### EXERCISE AIM
Output the lines of the records below exactly, beginning at their first line and ending at the line with "2025-10-08 | PH06.PR.1050 |"; include no pictures.

*** Opening MATERIALS PROVIDED ***

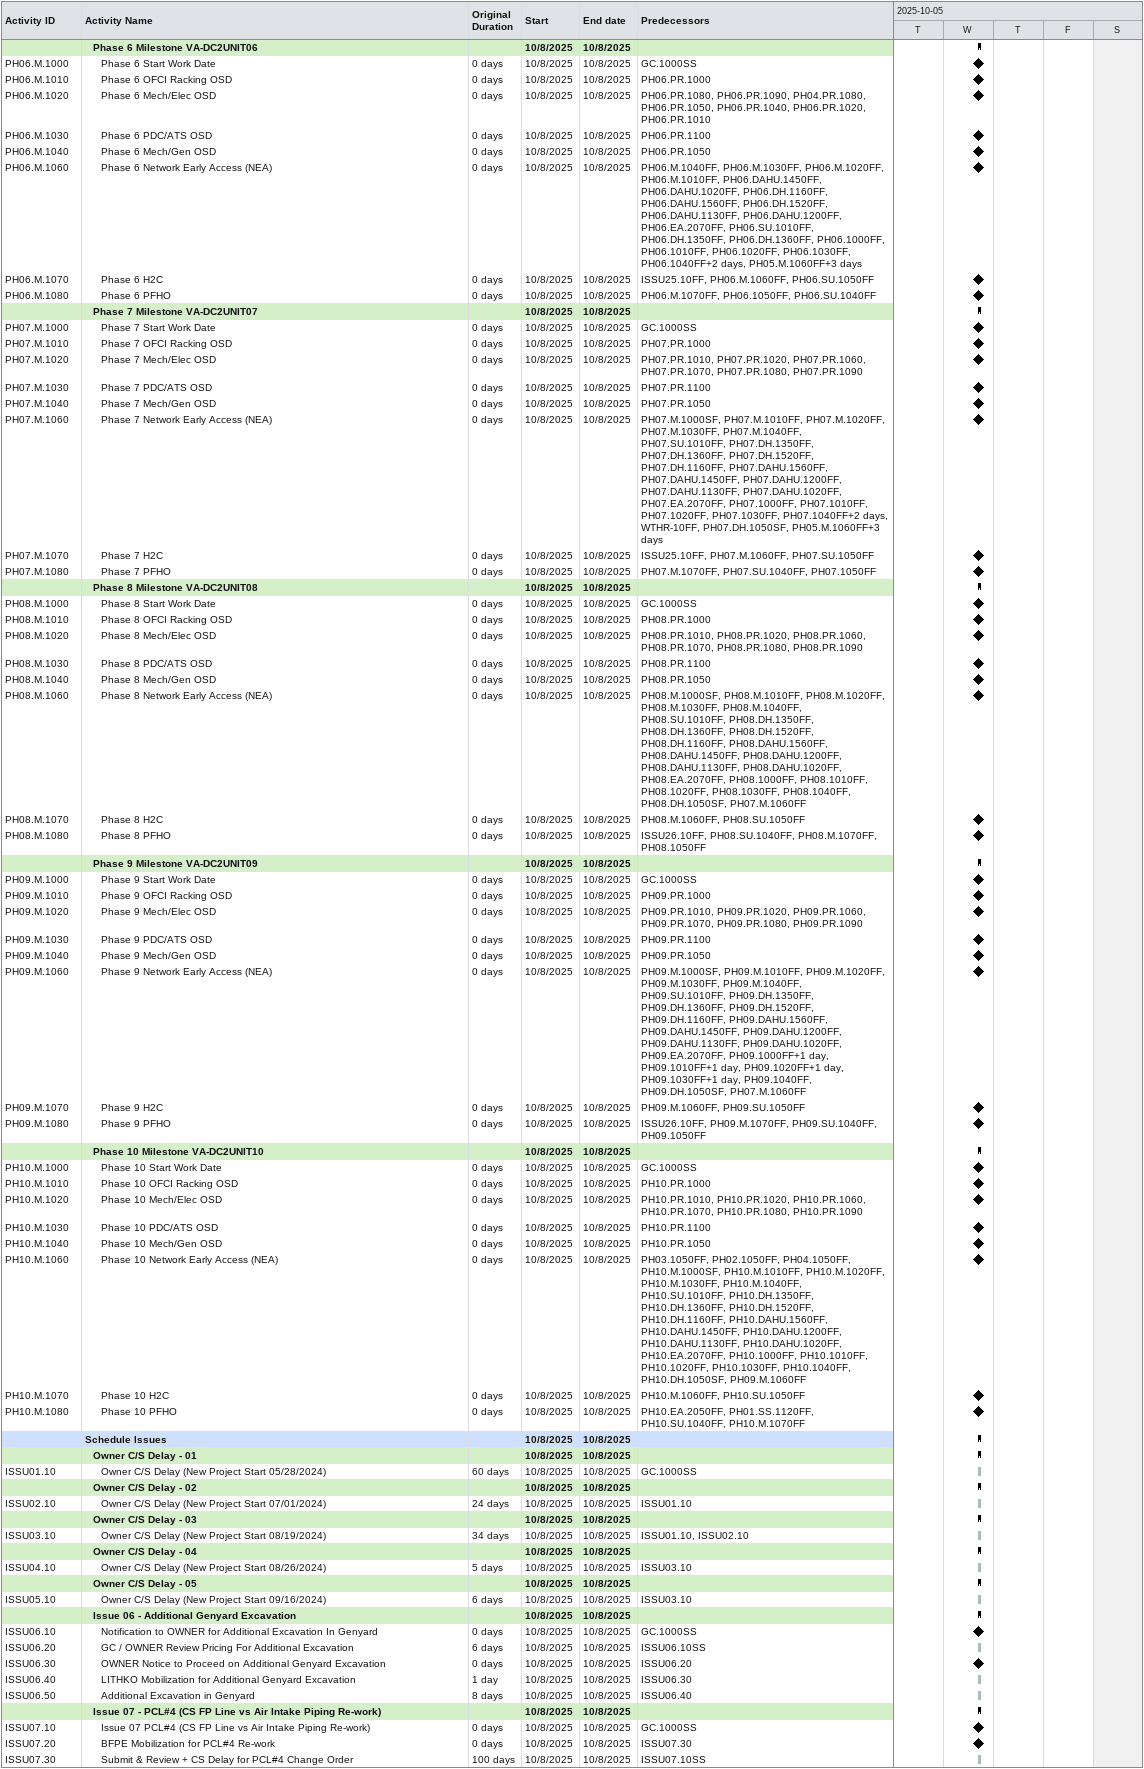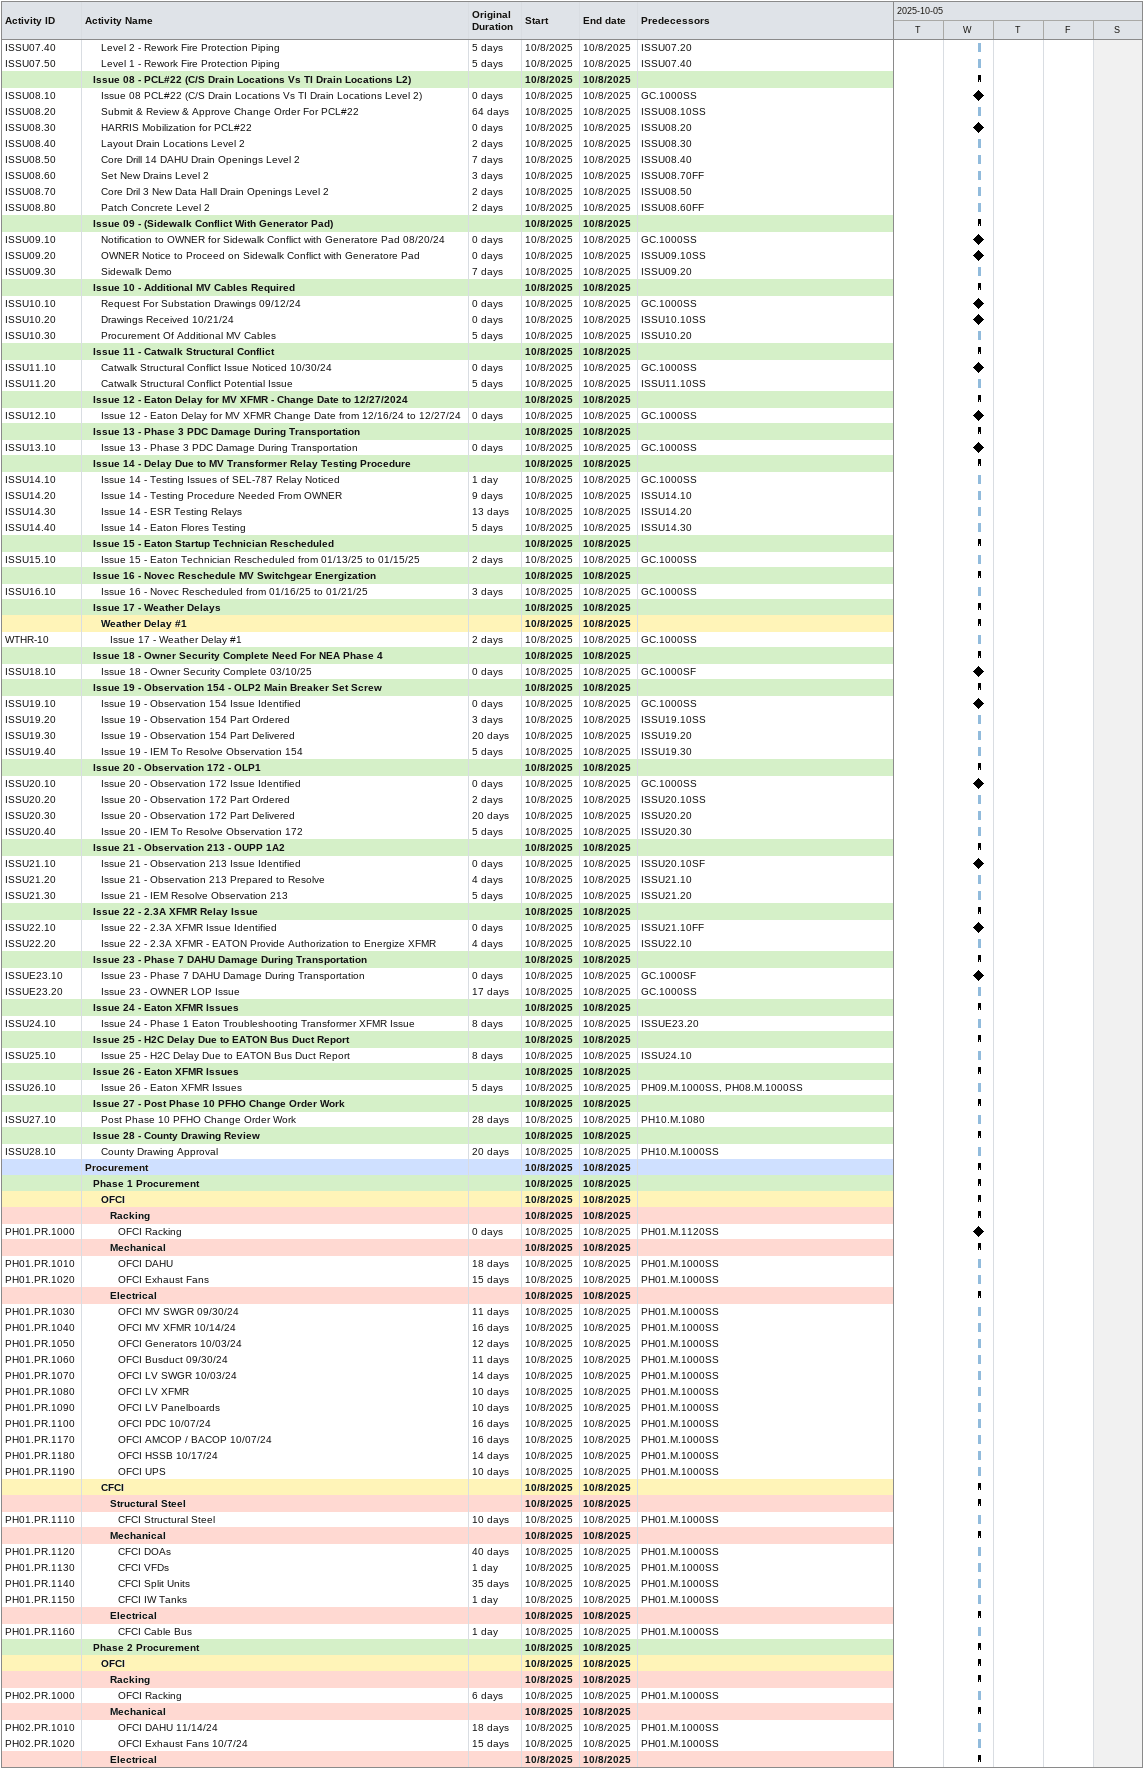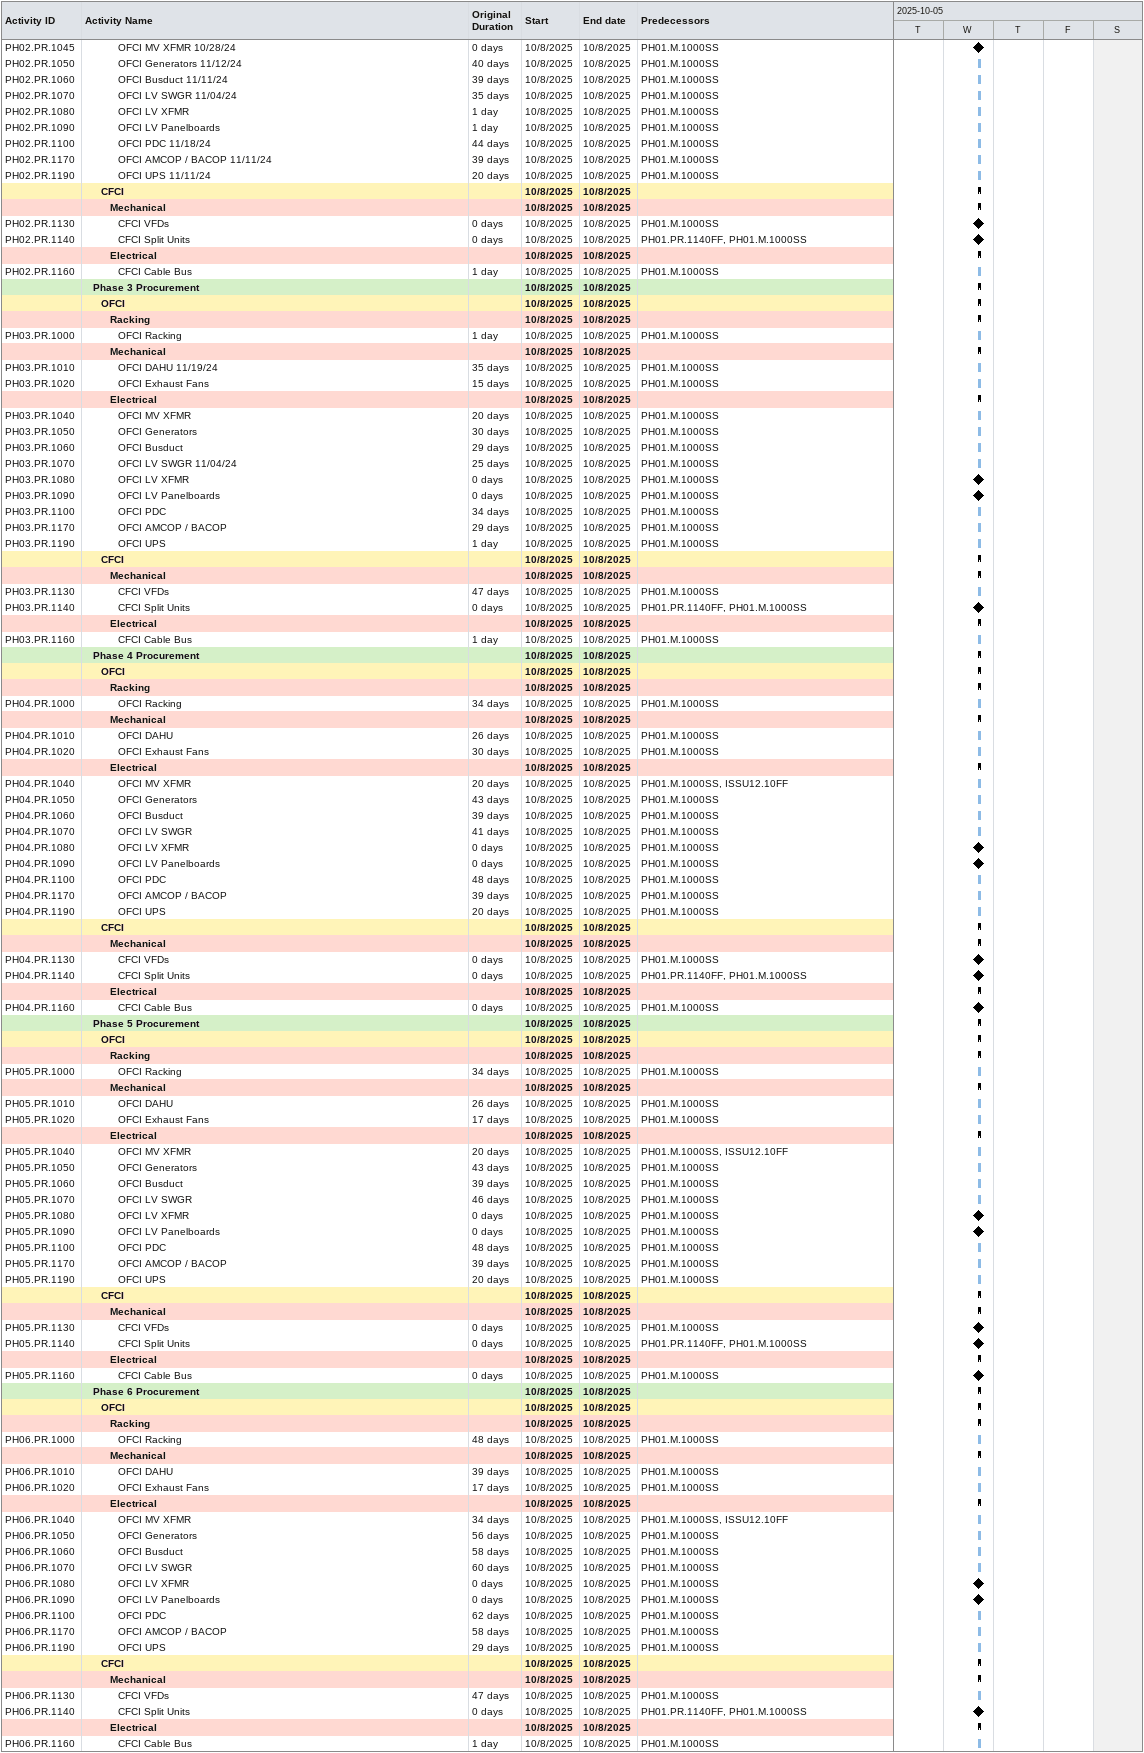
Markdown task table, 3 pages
| ID | Level | Task | Original duration | Start | Finish | Predecessors |
|---|---|---|---|---|---|---|
|  | 2 | **Phase 6 Milestone VA-DC2UNIT06** |  | 2025-10-08 | 2025-10-08 |  |
| PH06.M.1000 | 3 | Phase 6 Start Work Date | 0d | 2025-10-08 | 2025-10-08 | GC.1000SS |
| PH06.M.1010 | 3 | Phase 6 OFCI Racking OSD | 0d | 2025-10-08 | 2025-10-08 | PH06.PR.1000 |
| PH06.M.1020 | 3 | Phase 6 Mech/Elec OSD | 0d | 2025-10-08 | 2025-10-08 | PH06.PR.1080, PH06.PR.1090, PH04.PR.1080, PH06.PR.1050, PH06.PR.1040, PH06.PR.1020, PH06.PR.1010 |
| PH06.M.1030 | 3 | Phase 6 PDC/ATS OSD | 0d | 2025-10-08 | 2025-10-08 | PH06.PR.1100 |
| PH06.M.1040 | 3 | Phase 6 Mech/Gen OSD | 0d | 2025-10-08 | 2025-10-08 | PH06.PR.1050 |
| PH06.M.1060 | 3 | Phase 6 Network Early Access (NEA) | 0d | 2025-10-08 | 2025-10-08 | PH06.M.1040FF, PH06.M.1030FF, PH06.M.1020FF, PH06.M.1010FF, PH06.DAHU.1450FF, PH06.DAHU.1020FF, PH06.DH.1160FF, PH06.DAHU.1560FF, PH06.DH.1520FF, PH06.DAHU.1130FF, PH06.DAHU.1200FF, PH06.EA.2070FF, PH06.SU.1010FF, PH06.DH.1350FF, PH06.DH.1360FF, PH06.1000FF, PH06.1010FF, PH06.1020FF, PH06.1030FF, PH06.1040FF+2d, PH05.M.1060FF+3d |
| PH06.M.1070 | 3 | Phase 6 H2C | 0d | 2025-10-08 | 2025-10-08 | ISSU25.10FF, PH06.M.1060FF, PH06.SU.1050FF |
| PH06.M.1080 | 3 | Phase 6 PFHO | 0d | 2025-10-08 | 2025-10-08 | PH06.M.1070FF, PH06.1050FF, PH06.SU.1040FF |
|  | 2 | **Phase 7 Milestone VA-DC2UNIT07** |  | 2025-10-08 | 2025-10-08 |  |
| PH07.M.1000 | 3 | Phase 7 Start Work Date | 0d | 2025-10-08 | 2025-10-08 | GC.1000SS |
| PH07.M.1010 | 3 | Phase 7 OFCI Racking OSD | 0d | 2025-10-08 | 2025-10-08 | PH07.PR.1000 |
| PH07.M.1020 | 3 | Phase 7 Mech/Elec OSD | 0d | 2025-10-08 | 2025-10-08 | PH07.PR.1010, PH07.PR.1020, PH07.PR.1060, PH07.PR.1070, PH07.PR.1080, PH07.PR.1090 |
| PH07.M.1030 | 3 | Phase 7 PDC/ATS OSD | 0d | 2025-10-08 | 2025-10-08 | PH07.PR.1100 |
| PH07.M.1040 | 3 | Phase 7 Mech/Gen OSD | 0d | 2025-10-08 | 2025-10-08 | PH07.PR.1050 |
| PH07.M.1060 | 3 | Phase 7 Network Early Access (NEA) | 0d | 2025-10-08 | 2025-10-08 | PH07.M.1000SF, PH07.M.1010FF, PH07.M.1020FF, PH07.M.1030FF, PH07.M.1040FF, PH07.SU.1010FF, PH07.DH.1350FF, PH07.DH.1360FF, PH07.DH.1520FF, PH07.DH.1160FF, PH07.DAHU.1560FF, PH07.DAHU.1450FF, PH07.DAHU.1200FF, PH07.DAHU.1130FF, PH07.DAHU.1020FF, PH07.EA.2070FF, PH07.1000FF, PH07.1010FF, PH07.1020FF, PH07.1030FF, PH07.1040FF+2d, WTHR-10FF, PH07.DH.1050SF, PH05.M.1060FF+3d |
| PH07.M.1070 | 3 | Phase 7 H2C | 0d | 2025-10-08 | 2025-10-08 | ISSU25.10FF, PH07.M.1060FF, PH07.SU.1050FF |
| PH07.M.1080 | 3 | Phase 7 PFHO | 0d | 2025-10-08 | 2025-10-08 | PH07.M.1070FF, PH07.SU.1040FF, PH07.1050FF |
|  | 2 | **Phase 8 Milestone VA-DC2UNIT08** |  | 2025-10-08 | 2025-10-08 |  |
| PH08.M.1000 | 3 | Phase 8 Start Work Date | 0d | 2025-10-08 | 2025-10-08 | GC.1000SS |
| PH08.M.1010 | 3 | Phase 8 OFCI Racking OSD | 0d | 2025-10-08 | 2025-10-08 | PH08.PR.1000 |
| PH08.M.1020 | 3 | Phase 8 Mech/Elec OSD | 0d | 2025-10-08 | 2025-10-08 | PH08.PR.1010, PH08.PR.1020, PH08.PR.1060, PH08.PR.1070, PH08.PR.1080, PH08.PR.1090 |
| PH08.M.1030 | 3 | Phase 8 PDC/ATS OSD | 0d | 2025-10-08 | 2025-10-08 | PH08.PR.1100 |
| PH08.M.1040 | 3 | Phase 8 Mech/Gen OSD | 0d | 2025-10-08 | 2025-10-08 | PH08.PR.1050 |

*** Closing MATERIALS PROVIDED ***

### EXERCISE RESPONSE
Markdown task table, 3 pages
| ID | Level | Task | Original duration | Start | Finish | Predecessors |
|---|---|---|---|---|---|---|
|  | 2 | **Phase 6 Milestone VA-DC2UNIT06** |  | 2025-10-08 | 2025-10-08 |  |
| PH06.M.1000 | 3 | Phase 6 Start Work Date | 0d | 2025-10-08 | 2025-10-08 | GC.1000SS |
| PH06.M.1010 | 3 | Phase 6 OFCI Racking OSD | 0d | 2025-10-08 | 2025-10-08 | PH06.PR.1000 |
| PH06.M.1020 | 3 | Phase 6 Mech/Elec OSD | 0d | 2025-10-08 | 2025-10-08 | PH06.PR.1080, PH06.PR.1090, PH04.PR.1080, PH06.PR.1050, PH06.PR.1040, PH06.PR.1020, PH06.PR.1010 |
| PH06.M.1030 | 3 | Phase 6 PDC/ATS OSD | 0d | 2025-10-08 | 2025-10-08 | PH06.PR.1100 |
| PH06.M.1040 | 3 | Phase 6 Mech/Gen OSD | 0d | 2025-10-08 | 2025-10-08 | PH06.PR.1050 |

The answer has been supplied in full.